# Prompt
Only one stretch of the records below is wanted: the lines from the one holding "[diagram p0: board, top side]" through the one holding "Board_15-FLASH_nHLD_nRST: length 402". Return it exactly, both ends included.

# Information
= Beginning of Section =

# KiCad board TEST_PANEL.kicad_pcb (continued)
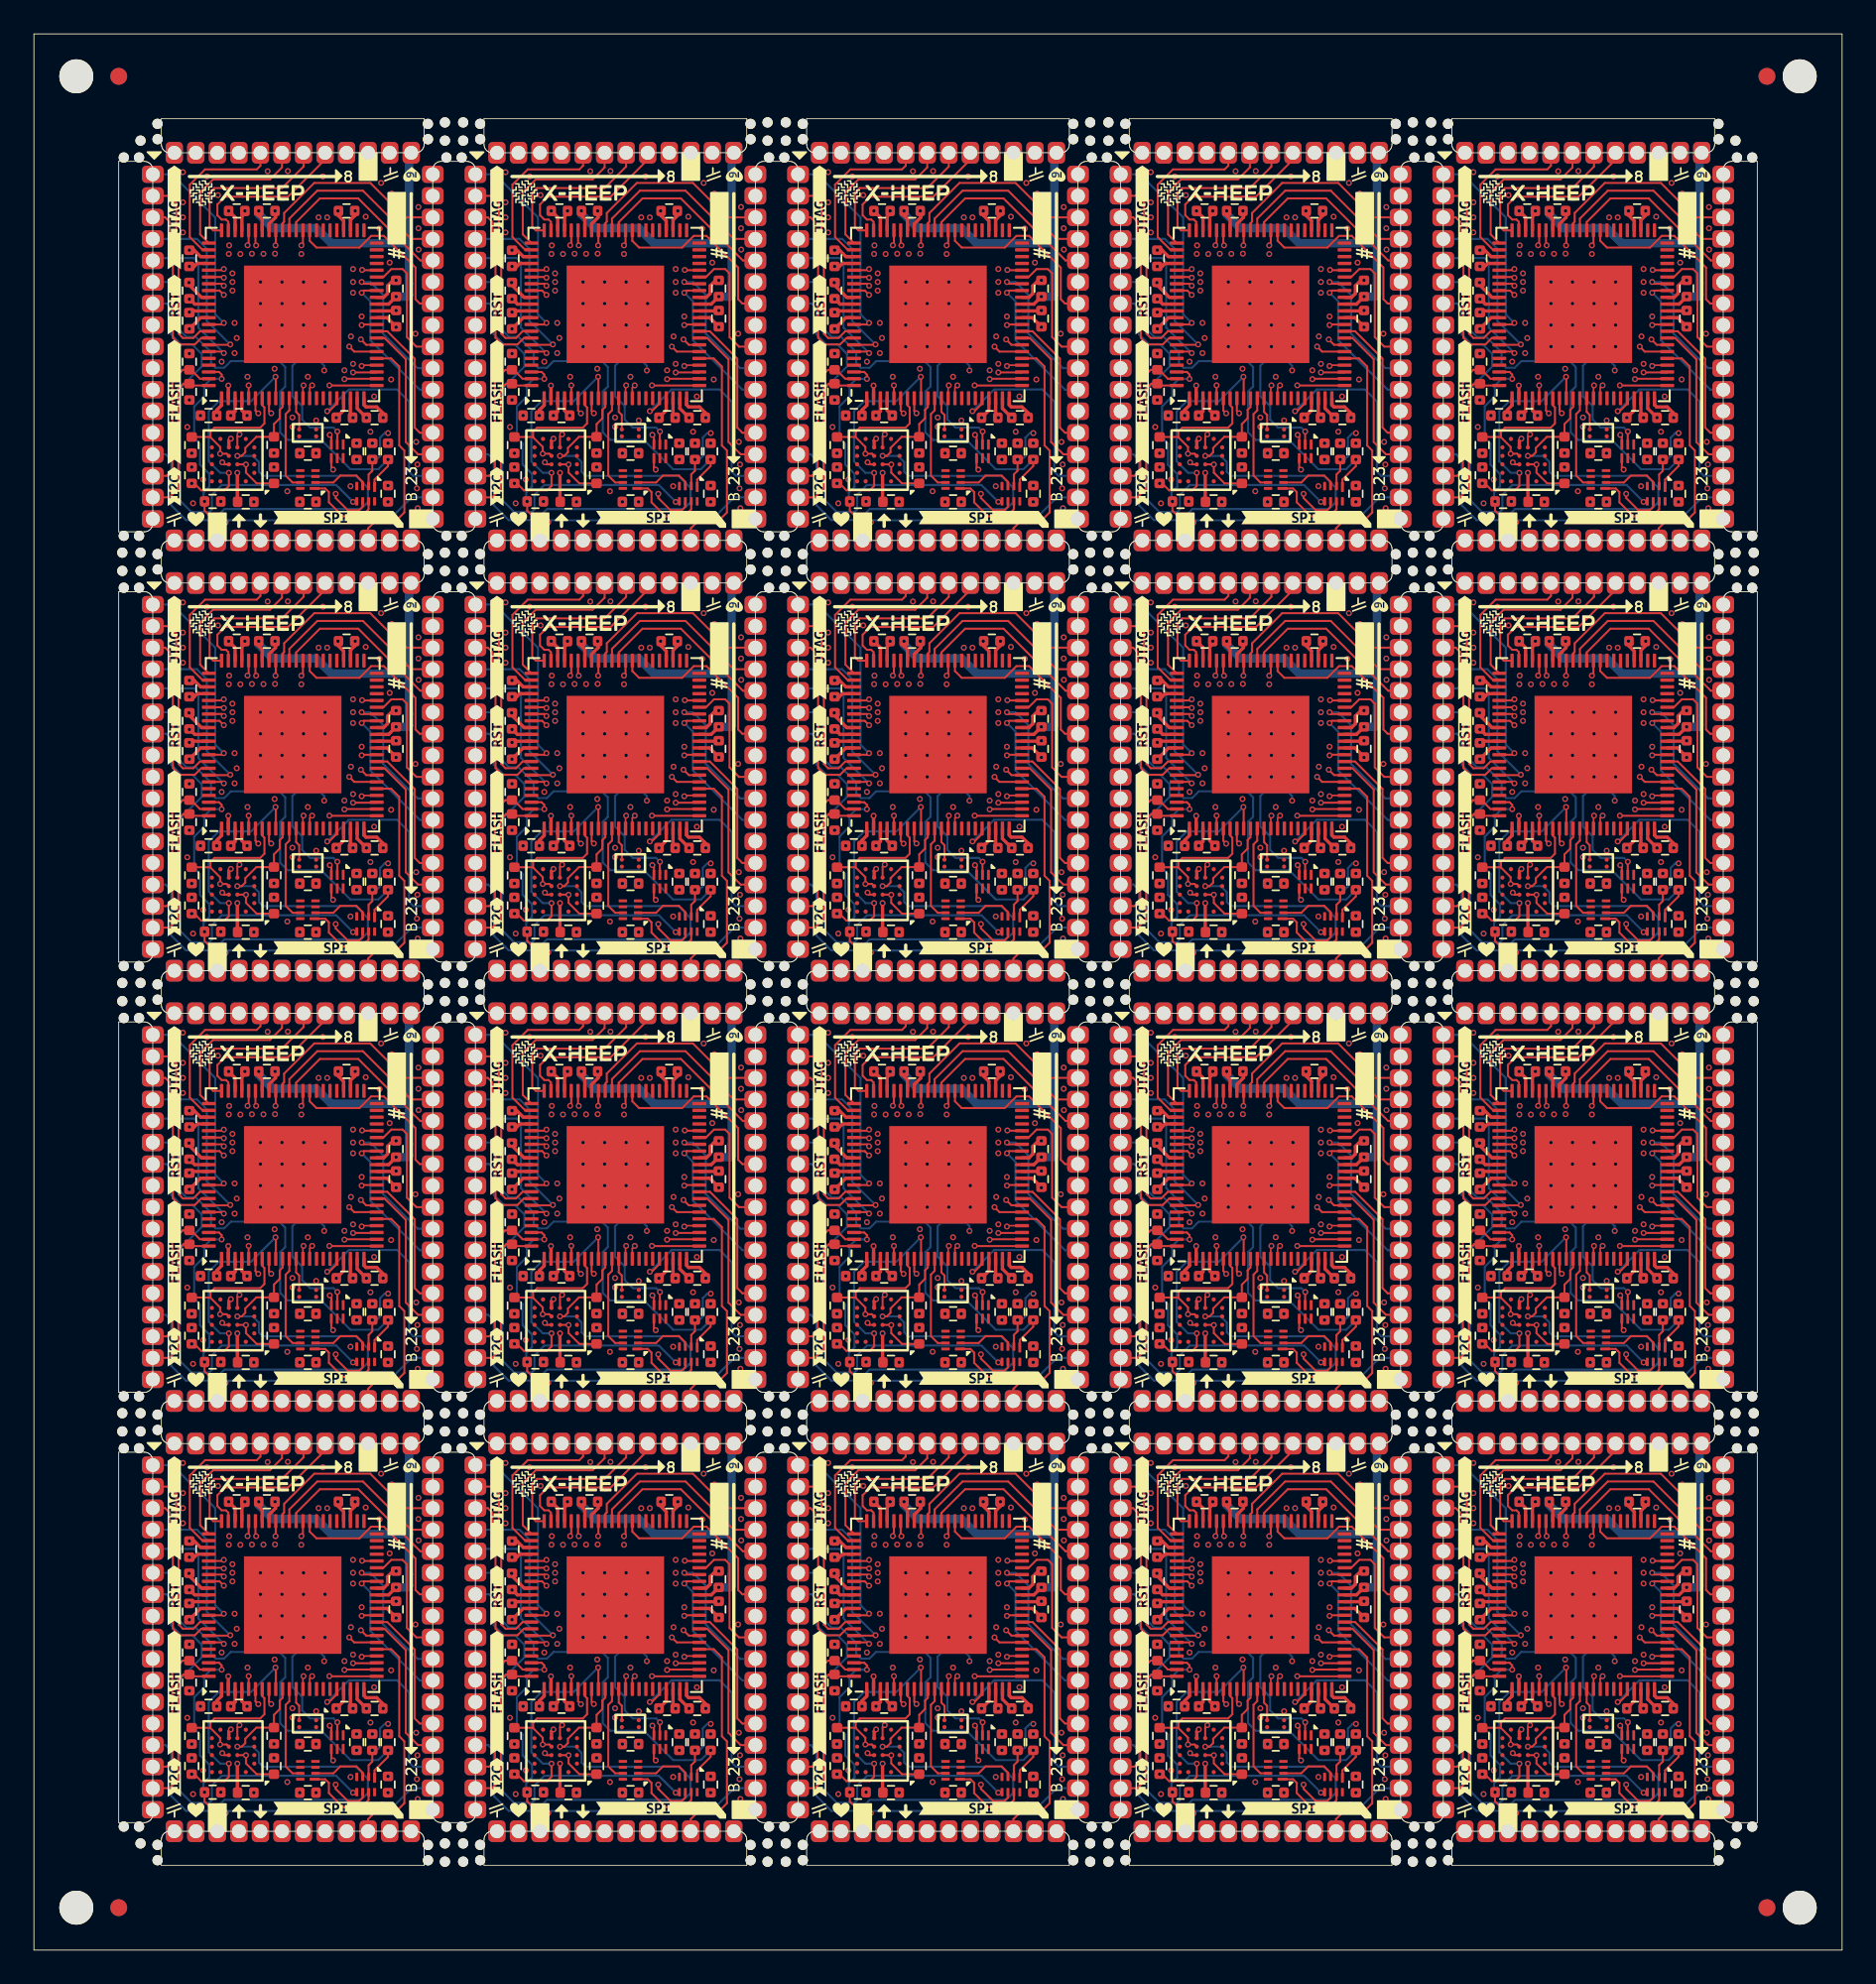
[diagram p0: board, top side]
## Routing (per net, layer and track width the routed paths; a pad name or vN(x,y) marks a point on that pad's centre or on a via; arc(x,y) is an arc through that point) (continued)
Board_15-FLASH_nHLD_nRST: length 402
  Top w0.12: R43.2 89.24,10.37 88.61,11.01 v1(88.61,11.49) 88.6,11.5 U22.C3 ; U26.8 13.86,40.01 v1(13.99,39.88) ; U67.C3 69.57,62.24 v1(69.58,62.23) 69.58,61.75 70.22,61.11 R124.2 ; U77.C3 12.5,87.61 v1(12.5,87.6) 12.5,87.12 13.14,86.48 R142.2 ; U27.C3 12.5,36.87 v1(12.5,36.86) 12.5,36.38 13.14,35.74 14.16,35.74 ; v1(33.02,65.25) 32.89,65.38 U56.8 ; U57.C3 31.52,62.24 v1(31.53,62.23) 31.53,61.75 32.16,61.11 R106.2 ; U71.8 89.97,65.38 v1(90.1,65.25) ; U66.8 70.94,65.38 v1(71.07,65.25) ; R97.2 13.14,61.11 12.5,61.75 v1(12.5,62.23) 12.5,62.24 U52.C3 ; 33.18,35.74 32.16,35.74 31.53,36.38 v1(31.53,36.86) 31.52,36.87 U32.C3 ; U76.8 13.86,90.75 v1(13.99,90.62) ; v1(13.99,65.25) 13.86,65.38 U51.8 ; U92.C3 69.57,87.61 v1(69.58,87.6) 69.58,87.12 70.22,86.48 R169.2 ; U96.8 89.97,90.75 v1(90.1,90.62) ; R16.2 32.16,10.37 31.53,11.01 v1(31.53,11.49) 31.52,11.5 U7.C3 ; v1(13.99,14.51) 13.86,14.64 U1.8 ; U86.8 51.91,90.75 v1(52.05,90.62) ; v1(90.1,39.88) 89.97,40.01 U46.8 ; U72.C3 88.6,62.24 v1(88.61,62.23) 88.61,61.75 89.24,61.11 R133.2 ; v1(71.07,14.51) 70.94,14.64 U16.8 ; U87.C3 50.55,87.61 v1(50.56,87.6) 50.56,87.12 51.19,86.48 R160.2 ; 71.23,35.74 70.22,35.74 69.58,36.38 v1(69.58,36.86) 69.57,36.87 U42.C3 ; U82.C3 31.52,87.61 v1(31.53,87.6) 31.53,87.12 32.16,86.48 R151.2 ; U11.8 51.91,14.64 v1(52.05,14.51) ; U36.8 51.91,40.01 v1(52.05,39.88) ; 52.21,35.74 51.19,35.74 50.56,36.38 v1(50.56,36.86) 50.55,36.87 U37.C3 ; U21.8 89.97,14.64 v1(90.1,14.51) ; U31.8 32.89,40.01 v1(33.02,39.88) ; R34.2 70.22,10.37 69.58,11.01 v1(69.58,11.49) 69.57,11.5 U17.C3 ; R7.2 13.14,10.37 12.5,11.01 v1(12.5,11.49) 12.5,11.5 U2.C3 ; U97.C3 88.6,87.61 v1(88.61,87.6) 88.61,87.12 89.24,86.48 R178.2 ; U81.8 32.89,90.75 v1(33.02,90.62) ; 90.26,35.74 89.24,35.74 88.61,36.38 v1(88.61,36.86) 88.6,36.87 U47.C3 ; U91.8 70.94,90.75 v1(71.07,90.62) ; U61.8 51.91,65.38 v1(52.05,65.25) ; U62.C3 50.55,62.24 v1(50.56,62.23) 50.56,61.75 51.19,61.11 R115.2 ; U12.C3 50.55,11.5 v1(50.56,11.49) 50.56,11.01 51.19,10.37 R25.2 ; U41.8 70.94,40.01 v1(71.07,39.88) ; v1(33.02,14.51) 32.89,14.64 U6.8
  In3.Cu w0.12: J17.13 26.82,89.47 27.17,89.12 27.17,85.77 28.17,84.77 31.12,84.77 31.5,85.15 31.5,85.75 32.02,86.27 32.02,87.62 ; 51.05,36.88 51.05,37.88 52.2,39.03 52.2,39.73 v1(52.05,39.88) ; 51.05,36.88 51.03,36.86 v1(50.56,36.86) ; 51.05,36.88 51.05,35.53 50.52,35 50.52,34.4 50.15,34.03 47.2,34.03 46.2,35.03 46.2,38.38 45.85,38.73 J8.13 ; 89.1,36.88 89.1,37.88 90.25,39.03 90.25,39.73 v1(90.1,39.88) ; 89.1,36.88 89.1,35.53 88.57,35 88.57,34.4 88.2,34.03 85.25,34.03 84.25,35.03 84.25,38.38 83.9,38.73 J10.13 ; 89.1,36.88 89.08,36.86 v1(88.61,36.86) ; 12.99,11.51 12.99,10.16 12.47,9.63 12.47,9.03 12.09,8.66 9.14,8.66 8.14,9.66 8.14,13.01 7.79,13.36 J1.13 ; 12.99,11.51 12.97,11.49 v1(12.5,11.49) ; 12.99,11.51 12.99,12.51 14.14,13.66 14.14,14.36 v1(13.99,14.51) ; 70.07,11.51 70.07,10.16 69.55,9.63 69.55,9.03 69.17,8.66 66.22,8.66 65.22,9.66 65.22,13.01 64.87,13.36 J4.13 ; 70.07,11.51 70.07,12.51 71.22,13.66 71.22,14.36 v1(71.07,14.51) ; 70.07,11.51 70.05,11.49 v1(69.58,11.49) ; v1(71.07,90.62) 71.22,90.47 71.22,89.77 70.07,88.62 70.07,87.62 ; J19.13 64.87,89.47 65.22,89.12 65.22,85.77 66.22,84.77 69.17,84.77 69.55,85.15 69.55,85.75 70.07,86.27 70.07,87.62 ; 51.05,62.25 51.05,63.25 52.2,64.4 52.2,65.1 v1(52.05,65.25) ; 51.05,62.25 51.05,60.9 50.52,60.37 50.52,59.77 50.15,59.4 47.2,59.4 46.2,60.4 46.2,63.75 45.85,64.1 J13.13 ; 51.05,62.25 51.03,62.23 v1(50.56,62.23) ; 70.07,87.62 70.05,87.6 v1(69.58,87.6) ; 89.1,11.51 89.1,12.51 90.25,13.66 90.25,14.36 v1(90.1,14.51) ; 89.1,11.51 89.1,10.16 88.57,9.63 88.57,9.03 88.2,8.66 85.25,8.66 84.25,9.66 84.25,13.01 83.9,13.36 J5.13 ; 89.1,11.51 89.08,11.49 v1(88.61,11.49) ; 89.1,62.25 89.08,62.23 v1(88.61,62.23) ; 89.1,62.25 89.1,63.25 90.25,64.4 90.25,65.1 v1(90.1,65.25) ; 89.1,62.25 89.1,60.9 88.57,60.37 88.57,59.77 88.2,59.4 85.25,59.4 84.25,60.4 84.25,63.75 83.9,64.1 J15.13 ; v1(12.5,87.6) 12.97,87.6 12.99,87.62 ; 70.07,36.88 70.07,35.53 69.55,35 69.55,34.4 69.17,34.03 66.22,34.03 65.22,35.03 65.22,38.38 64.87,38.73 J9.13 ; 70.07,36.88 70.05,36.86 v1(69.58,36.86) ; 70.07,36.88 70.07,37.88 71.22,39.03 71.22,39.73 v1(71.07,39.88) ; v1(31.53,11.49) 32,11.49 32.02,11.51 ; v1(88.61,87.6) 89.08,87.6 89.1,87.62 ; v1(31.53,62.23) 32,62.23 32.02,62.25 ; 12.99,62.25 12.99,60.9 12.47,60.37 12.47,59.77 12.09,59.4 9.14,59.4 8.14,60.4 8.14,63.75 7.79,64.1 J11.13 ; 12.99,62.25 12.97,62.23 v1(12.5,62.23) ; 12.99,62.25 12.99,63.25 14.14,64.4 14.14,65.1 v1(13.99,65.25) ; v1(33.02,39.88) 33.17,39.73 33.17,39.03 32.02,37.88 32.02,36.88 ; 12.99,36.88 12.99,37.88 14.14,39.03 14.14,39.73 v1(13.99,39.88) ; 12.99,36.88 12.99,35.53 12.47,35 12.47,34.4 12.09,34.03 9.14,34.03 8.14,35.03 8.14,38.38 7.79,38.73 J6.13 ; 12.99,36.88 12.97,36.86 v1(12.5,36.86) ; v1(31.53,36.86) 32,36.86 32.02,36.88 ; J7.13 26.82,38.73 27.17,38.38 27.17,35.03 28.17,34.03 31.12,34.03 31.5,34.4 31.5,35 32.02,35.53 32.02,36.88 ; 12.99,87.62 12.99,86.27 12.47,85.75 12.47,85.15 12.09,84.77 9.14,84.77 8.14,85.77 8.14,89.12 7.79,89.47 J16.13 ; 12.99,87.62 12.99,88.62 14.14,89.77 14.14,90.47 v1(13.99,90.62) ; 89.1,87.62 89.1,86.27 88.57,85.75 88.57,85.15 88.2,84.77 85.25,84.77 84.25,85.77 84.25,89.12 83.9,89.47 J20.13 ; 89.1,87.62 89.1,88.62 90.25,89.77 90.25,90.47 v1(90.1,90.62) ; 70.07,62.25 70.07,60.9 69.55,60.37 69.55,59.77 69.17,59.4 66.22,59.4 65.22,60.4 65.22,63.75 64.87,64.1 J14.13 ; 70.07,62.25 70.07,63.25 71.22,64.4 71.22,65.1 v1(71.07,65.25) ; 70.07,62.25 70.05,62.23 v1(69.58,62.23) ; J2.13 26.82,13.36 27.17,13.01 27.17,9.66 28.17,8.66 31.12,8.66 31.5,9.03 31.5,9.63 32.02,10.16 32.02,11.51 ; 32.02,11.51 32.02,12.51 33.17,13.66 33.17,14.36 v1(33.02,14.51) ; 51.05,11.51 51.05,10.16 50.52,9.63 50.52,9.03 50.15,8.66 47.2,8.66 46.2,9.66 46.2,13.01 45.85,13.36 J3.13 ; 51.05,11.51 51.05,12.51 52.2,13.66 52.2,14.36 v1(52.05,14.51) ; 51.05,11.51 51.03,11.49 v1(50.56,11.49) ; v1(31.53,87.6) 32,87.6 32.02,87.62 ; v1(33.02,65.25) 33.17,65.1 33.17,64.4 32.02,63.25 32.02,62.25 ; 51.05,87.62 51.05,86.27 50.52,85.75 50.52,85.15 50.15,84.77 47.2,84.77 46.2,85.77 46.2,89.12 45.85,89.47 J18.13 ; 51.05,87.62 51.03,87.6 v1(50.56,87.6) ; 51.05,87.62 51.05,88.62 52.2,89.77 52.2,90.47 v1(52.05,90.62) ; 32.02,87.62 32.02,88.62 33.17,89.77 33.17,90.47 v1(33.02,90.62) ; 32.02,62.25 32.02,60.9 31.5,60.37 31.5,59.77 31.12,59.4 28.17,59.4 27.17,60.4 27.17,63.75 26.82,64.1 J12.13
Board_15-FLASH_nWP: length 362.1
  Top w0.12: 28.48,63.85 29.42,63.85 29.44,63.83 ; 10.41,63.83 10.41,64.17 10.64,64.4 13.34,64.4 13.59,64.65 13.59,65.59 13.46,65.72 U51.7 ; 10.41,63.83 10.98,63.26 v1(10.98,62.86) 11.37,62.86 U52.D4 ; 10.41,63.83 10.39,63.85 9.46,63.85 ; 86.52,63.83 86.5,63.85 85.56,63.85 ; 86.52,63.83 87.08,63.26 v1(87.08,62.86) 87.47,62.86 U72.D4 ; 86.52,63.83 86.52,64.17 86.75,64.4 89.45,64.4 89.7,64.65 89.7,65.59 89.57,65.72 U71.7 ; 48.46,89.2 49.03,88.63 v1(49.03,88.23) 49.42,88.23 U87.D4 ; 48.46,89.2 48.44,89.22 47.51,89.22 ; 48.46,89.2 48.46,89.54 48.7,89.77 51.4,89.77 51.65,90.02 51.65,90.96 51.51,91.09 U86.7 ; 85.56,89.22 86.5,89.22 86.52,89.2 ; 48.46,63.83 48.44,63.85 47.51,63.85 ; 48.46,63.83 49.03,63.26 v1(49.03,62.86) 49.42,62.86 U62.D4 ; 48.46,63.83 48.46,64.17 48.7,64.4 51.4,64.4 51.65,64.65 51.65,65.59 51.51,65.72 U61.7 ; 10.41,13.09 10.41,13.43 10.64,13.66 13.34,13.66 13.59,13.91 13.59,14.85 13.46,14.98 U1.7 ; 10.41,13.09 10.39,13.11 9.46,13.11 ; 10.41,13.09 10.98,12.52 v1(10.98,12.12) 11.37,12.12 U2.D4 ; U26.7 13.46,40.35 13.59,40.22 13.59,39.28 13.34,39.03 10.64,39.03 10.41,38.8 10.41,38.46 ; 9.46,89.22 10.39,89.22 10.41,89.2 ; U57.D4 30.39,62.86 v1(30.01,62.86) 30.01,63.26 29.44,63.83 ; U22.D4 87.47,12.12 v1(87.08,12.12) 87.08,12.52 86.52,13.09 ; U21.7 89.57,14.98 89.7,14.85 89.7,13.91 89.45,13.66 86.75,13.66 86.52,13.43 86.52,13.09 ; 48.46,13.09 49.03,12.52 v1(49.03,12.12) 49.42,12.12 U12.D4 ; 48.46,13.09 48.44,13.11 47.51,13.11 ; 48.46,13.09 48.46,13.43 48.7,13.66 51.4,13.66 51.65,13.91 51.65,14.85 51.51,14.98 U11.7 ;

= End of Section =

# Expected answer
[diagram p0: board, top side]
## Routing (per net, layer and track width the routed paths; a pad name or vN(x,y) marks a point on that pad's centre or on a via; arc(x,y) is an arc through that point) (continued)
Board_15-FLASH_nHLD_nRST: length 402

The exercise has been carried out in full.